一个人为何会恋恋不舍那些奋斗中困窘的光阴,即便在他成名获利后?那时他尚未被生活收买,未被权力同化,他的贫穷就像一件护衣,盖在因饥饿而清醒、因酒水而兴奋的躯体上,让他无条件地忠于自己的思想。在巴黎,文人与城市的关系疏离而亲切,这种半流浪的生活多半会让人想起一个流行词“波希米亚”――其中究竟有怎样的力量?

《流行的波希米亚》(玛丽・格拉克著,罗靓译,安徽教育出版社2009年1月第一版)面对的巴黎比海明威生活的巴黎更早。19世纪的巴黎,是许多后来者深深着迷的巴黎――新商店和咖啡厅兴起,轻歌剧弥漫,艺术家流浪――数十年后,它的拱廊街和诗人波德莱尔深深打动了本雅明,被后者称为“19世纪的首都”。

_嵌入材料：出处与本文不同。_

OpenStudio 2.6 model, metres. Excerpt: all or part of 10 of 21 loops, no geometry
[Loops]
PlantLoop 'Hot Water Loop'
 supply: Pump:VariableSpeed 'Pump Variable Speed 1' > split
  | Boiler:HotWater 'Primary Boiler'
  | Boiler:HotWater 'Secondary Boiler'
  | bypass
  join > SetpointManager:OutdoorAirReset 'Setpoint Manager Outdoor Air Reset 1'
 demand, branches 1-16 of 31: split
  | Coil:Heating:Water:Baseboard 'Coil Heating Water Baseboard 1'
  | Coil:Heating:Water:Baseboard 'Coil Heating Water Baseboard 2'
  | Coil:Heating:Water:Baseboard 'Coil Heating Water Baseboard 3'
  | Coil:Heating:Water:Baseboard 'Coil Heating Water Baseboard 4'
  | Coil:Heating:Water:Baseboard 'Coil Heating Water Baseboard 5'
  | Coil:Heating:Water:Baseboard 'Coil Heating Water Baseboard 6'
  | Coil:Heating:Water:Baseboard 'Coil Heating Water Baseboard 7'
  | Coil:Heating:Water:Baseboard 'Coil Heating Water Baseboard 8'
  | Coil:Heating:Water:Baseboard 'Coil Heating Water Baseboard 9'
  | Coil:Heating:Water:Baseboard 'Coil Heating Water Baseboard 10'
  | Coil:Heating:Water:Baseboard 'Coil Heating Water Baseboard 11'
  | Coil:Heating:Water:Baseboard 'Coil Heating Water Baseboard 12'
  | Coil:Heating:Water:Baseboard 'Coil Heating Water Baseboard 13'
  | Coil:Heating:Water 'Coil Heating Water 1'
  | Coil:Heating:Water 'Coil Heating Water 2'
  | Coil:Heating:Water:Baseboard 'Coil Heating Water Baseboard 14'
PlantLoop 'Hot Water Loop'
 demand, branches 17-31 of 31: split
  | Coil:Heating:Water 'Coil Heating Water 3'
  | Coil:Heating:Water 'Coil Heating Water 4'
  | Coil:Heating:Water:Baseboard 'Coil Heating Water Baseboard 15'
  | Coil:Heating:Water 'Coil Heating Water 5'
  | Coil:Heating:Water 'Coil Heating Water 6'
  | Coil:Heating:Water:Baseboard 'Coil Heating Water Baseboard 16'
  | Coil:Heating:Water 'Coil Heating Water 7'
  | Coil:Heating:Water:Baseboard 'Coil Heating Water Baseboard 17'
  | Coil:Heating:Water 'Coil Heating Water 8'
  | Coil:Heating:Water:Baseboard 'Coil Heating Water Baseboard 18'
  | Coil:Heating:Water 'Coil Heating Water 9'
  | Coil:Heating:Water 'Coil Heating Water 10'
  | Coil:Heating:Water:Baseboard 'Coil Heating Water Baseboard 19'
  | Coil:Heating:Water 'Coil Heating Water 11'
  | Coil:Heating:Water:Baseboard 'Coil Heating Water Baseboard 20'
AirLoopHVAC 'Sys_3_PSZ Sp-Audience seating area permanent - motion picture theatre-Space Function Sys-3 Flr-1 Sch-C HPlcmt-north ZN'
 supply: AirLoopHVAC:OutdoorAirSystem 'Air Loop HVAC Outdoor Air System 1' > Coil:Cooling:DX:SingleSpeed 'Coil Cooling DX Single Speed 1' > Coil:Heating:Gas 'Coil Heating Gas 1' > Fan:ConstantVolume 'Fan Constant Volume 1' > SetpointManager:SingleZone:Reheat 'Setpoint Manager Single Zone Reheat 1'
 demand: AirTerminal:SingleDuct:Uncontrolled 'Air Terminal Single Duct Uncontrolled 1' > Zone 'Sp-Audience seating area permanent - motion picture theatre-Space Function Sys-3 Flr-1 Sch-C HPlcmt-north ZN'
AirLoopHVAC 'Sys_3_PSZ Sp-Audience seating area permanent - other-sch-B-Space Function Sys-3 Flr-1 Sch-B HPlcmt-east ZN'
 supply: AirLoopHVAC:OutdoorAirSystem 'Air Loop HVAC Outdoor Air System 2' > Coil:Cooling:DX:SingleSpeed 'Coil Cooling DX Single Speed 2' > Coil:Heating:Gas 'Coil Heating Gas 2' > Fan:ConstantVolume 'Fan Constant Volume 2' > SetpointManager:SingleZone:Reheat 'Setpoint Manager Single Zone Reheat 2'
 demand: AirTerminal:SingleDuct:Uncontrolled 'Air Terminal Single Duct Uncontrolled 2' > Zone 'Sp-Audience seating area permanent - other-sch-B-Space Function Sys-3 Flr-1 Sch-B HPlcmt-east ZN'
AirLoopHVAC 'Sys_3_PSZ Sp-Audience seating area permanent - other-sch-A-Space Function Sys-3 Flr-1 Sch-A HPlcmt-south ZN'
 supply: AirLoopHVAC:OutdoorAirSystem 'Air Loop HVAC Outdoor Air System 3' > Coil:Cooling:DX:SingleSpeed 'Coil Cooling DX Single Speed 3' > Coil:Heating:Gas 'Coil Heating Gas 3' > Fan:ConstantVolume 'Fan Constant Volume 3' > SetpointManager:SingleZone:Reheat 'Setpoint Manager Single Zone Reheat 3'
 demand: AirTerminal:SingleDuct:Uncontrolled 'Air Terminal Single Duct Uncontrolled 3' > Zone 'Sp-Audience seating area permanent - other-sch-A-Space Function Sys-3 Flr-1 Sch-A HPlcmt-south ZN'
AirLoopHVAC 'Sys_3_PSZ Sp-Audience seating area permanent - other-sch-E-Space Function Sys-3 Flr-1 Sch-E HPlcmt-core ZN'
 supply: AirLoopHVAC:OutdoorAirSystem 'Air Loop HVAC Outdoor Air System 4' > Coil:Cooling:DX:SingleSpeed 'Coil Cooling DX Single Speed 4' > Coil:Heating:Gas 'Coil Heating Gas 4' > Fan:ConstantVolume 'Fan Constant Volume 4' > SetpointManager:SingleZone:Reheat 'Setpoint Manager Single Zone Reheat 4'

从杜米埃的插画《巴黎波希米亚人》到普契尼歌剧《波希米亚》再到乔纳森・拉辛1996年为百老汇创作的《房客》,历史神化了波希米亚。但“波希米亚”一词,并不流行于19世纪的巴黎。“都市流浪者”、“颓废主义者”、“青年法国人”,等等,他们这样称呼自己。作为一种反抗力量,波希米亚与现代商业社会共存,但玛丽・格拉克认为他们不归属哪个特定的阶层,实际上,从社会底层到中心,每个阶层都有波希米亚蔓延。

当商业文明营造出巴黎迤逦的街景,拱廊街为高级商品打开销路,有一批人,在日益敌对的社会中苦苦找寻自己的位置,反讽,正是他们借以反抗的力量。在玛丽看来,反讽的波希米亚,渗透在私人生活领域,将直接影响风俗习惯和个人幸福,它是一种更加多元化、更悲剧性的力量,可能在日常生活中具有英雄的革命性力量。

不过且慢,很可能,在阶层分明的19世纪,更多人在追求风雅――波希米亚与社会风尚,两者极具张力,却影响了不同的人。巴尔扎克的《风雅生活论》里没有艺术家的位置――作为人的三个等级中的第二等级,“思想者”过“艺术家生活”,基本与风雅生活无缘,“要时髦,就必须不劳动而享受休息;也就是说,应该中个四合彩,是百万富翁的儿子或亲王,捞个闲差或兼差。”

借风流人士布吕梅尔之口给出的许多关于风雅的定义,有趣而有益,可以从中一窥19世纪巴黎社会的风尚,看当时的风雅人士如何为选衣戴帽挖空心思,又如何因为一处细节的不善毁了整体评价,又如何讲究室内装潢的风格,如何严肃对待仪态、步伐等问题。在风雅生活的范畴内,整个社会按照巴尔扎克引用的一句格言严格行进:“一个人的灵魂,可从他持手杖的方式看出来。”

当然,严格说来,《风雅生活论》只能算篇论文,因为这一鸿篇巨制,巴尔扎克并没有最终完成。如今的中文版整合了《步态论》与《现代兴奋剂论》――巴尔扎克认为他对步态的开创性研究应该彪炳史册,而对五种导致现代社会发生“不可估量的”变化的“兴奋剂”的研究,也是读来兴味盎然。